Il signor Mercurio entra avec un assortiment de pipes de Tunis, une collection de produits sulfureux des îles éoliennes, une foule d'ouvrages en lave de Sicile, et enfin, une partie, comme on dit en termes de commerce, d'écharpes de Messine, le tout posé en équilibre sur sa tête, appendu à ses mains, ou roulé autour de son cou. Je ne pus m'empêcher de rire.
-Ah ça! lui dis-je, savez-vous, seigneur Mercurio, que vous avez un grand talent pour forcer les portes?
-C'est mon état, Excellence.
-Et cela vous réussit-il souvent?
-Toujours.
-Mais enfin, chez les gens qui tiennent bon?
-J'entre par la fenêtre, par la cheminée, par le trou de la serrure.
-Et une fois entré?
-Oh! une fois entré, je vois à qui j'ai affaire, et j'agis en conséquence.
-Mais à ceux qui, comme moi, ne veulent rien acheter?
-Je leurs vends toujours quelque chose, quoique avec Votre Excellence, je ne veuille pas avoir de secrets. Ces pipes, ces échantillons, ces écharpes, toute cette roba enfin n'est qu'un prétexte; ma vraie profession, Excellence...

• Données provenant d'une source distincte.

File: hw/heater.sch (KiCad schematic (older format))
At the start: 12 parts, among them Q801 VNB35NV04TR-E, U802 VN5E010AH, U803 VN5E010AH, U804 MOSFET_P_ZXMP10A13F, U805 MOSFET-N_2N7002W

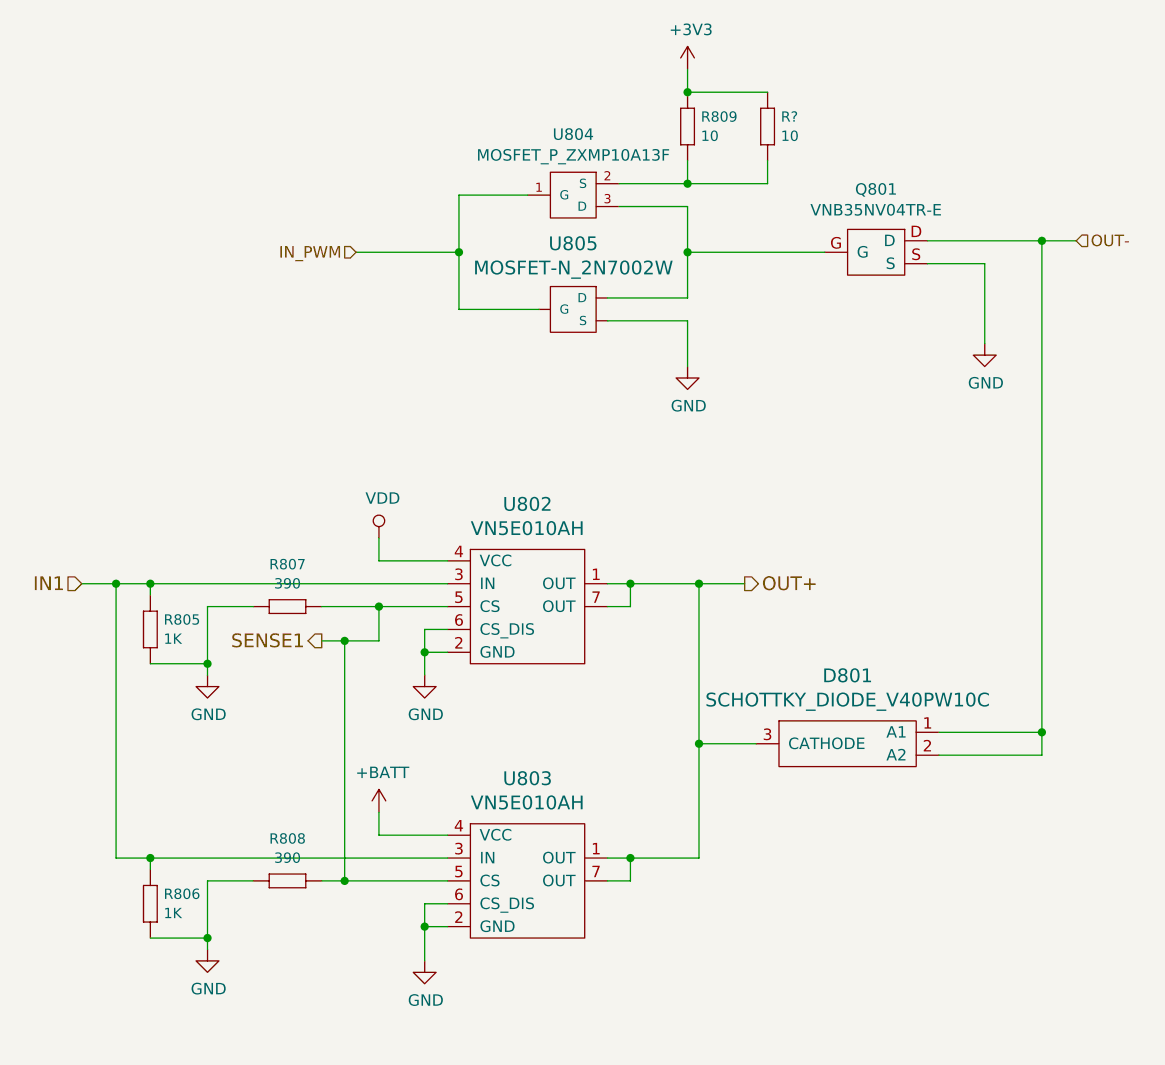
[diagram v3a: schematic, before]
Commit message: HAL updated to latest uv bootloader, starting to draw 6.0.0 pcb
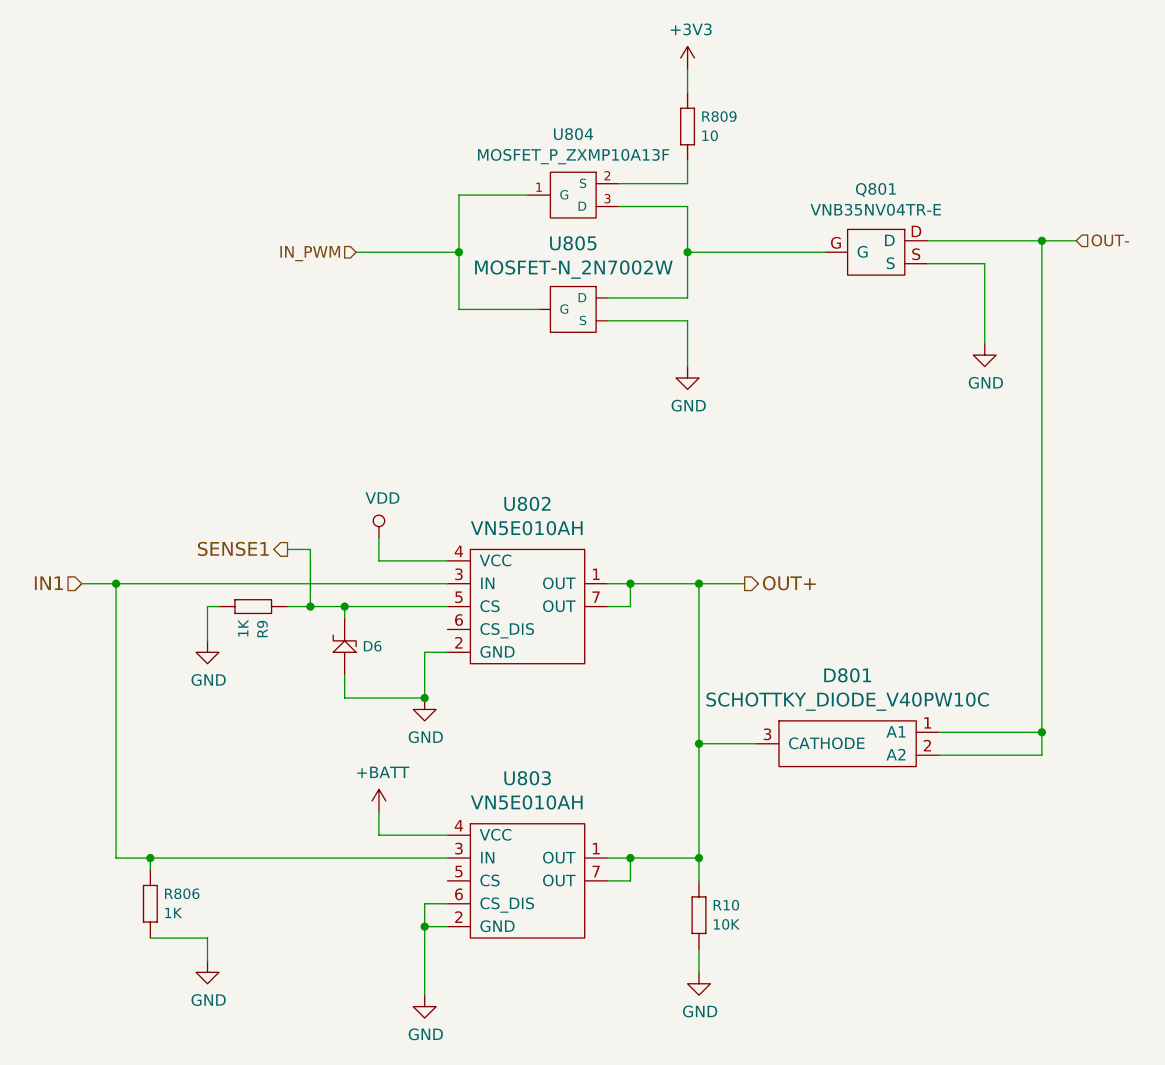
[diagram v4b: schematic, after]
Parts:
- removed R805: 1K, yageo:0603, symbol fsb-rescue:1K
- removed R807, R808: 390, yageo:0603, symbol fsb-rescue:390
- removed R?: 10, yageo:0603, symbol yageo:10
- added D6: ZENER_MM3Z3V6T1G, usevolt:SOD-323, symbol usevolt:ZENER_MM3Z3V6T1G
- added R10: 10K, yageo:0603, symbol fsb-rescue:10K
- added R9: 1K, yageo:0603, symbol fsb-rescue:1K
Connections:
- net GND: now also D6.2, R10.1 (R1), R9.1 (R1); no longer U802.6 (CS_DIS)
- net OUT+: now also R10.2 (R2)
- net SENSE1: now also D6.1, R9.2 (R2); no longer U803.5 (CS)

-Oui, oui, je la connais; mais je vous ai dit que je n'en ai que faire.
-Alors, Excellence, voyez ces pipes.
-Je ne fume pas.
-Voyez ces écharpes.
-J'en ai six.
-Voyez ces échantillons de soufre.
-Je ne suis pas marchand d'allumettes.
-Voyez ces petits ouvrages en lave.
-Je n'aime que les chinoiseries.
-Je vous vendrai pourtant quelque chose?
-Oui, si tu veux.
-Je veux toujours, Excellence.
-Vends-moi une histoire: tu dois en avoir de bonnes, au métier que tu fais.
-Allez demander cela aux confesseurs des couvents.
-Pourquoi me renvoies-tu à eux?
-Parce que la discrétion fait mon crédit, et que je ne veux pas le perdre.
-Donc tu n'as pas d'histoire à me raconter?
-Si fait, j'en ai une.
-Laquelle?
-J'ai la mienne; comme elle est à moi, j'en peux disposer. En voulez-vous?
-Tiens, au fait, elle doit être assez curieuse; je te donne deux piastres de ton histoire.
-Je dois prévenir Votre Excellence qu'il n'est pas le premier auquel je la raconte.
-Et combien de fois l'as-tu déjà racontée?
-Une fois à un Anglais, une fois à un Allemand, et deux fois à des Français.
-Mets-tu la même conscience dans toutes tes fournitures, signor Mercurio?
-La même, Excellence.
-Alors, comme tu es un homme précieux, je ne rabattrai rien de ce que j'ai dit; voilà tes deux piastres.
-Avant d'avoir l'histoire?
-Je m'en rapporte à toi.
-Oh! Si Votre Excellence voulait m'honorer d'une confiance pareille à l'endroit de...
-L'histoire, signor Mercurio, l'histoire!
-La voilà, Excellence.

Je sautai en bas de mon lit, je passai un pantalon à pieds, je chaussai mes pantoufles, je m'assis à une table où l'on venait de me servir des oeufs frais et du thé, et je fis signe au signor Mercurio que j'étais tout oreilles.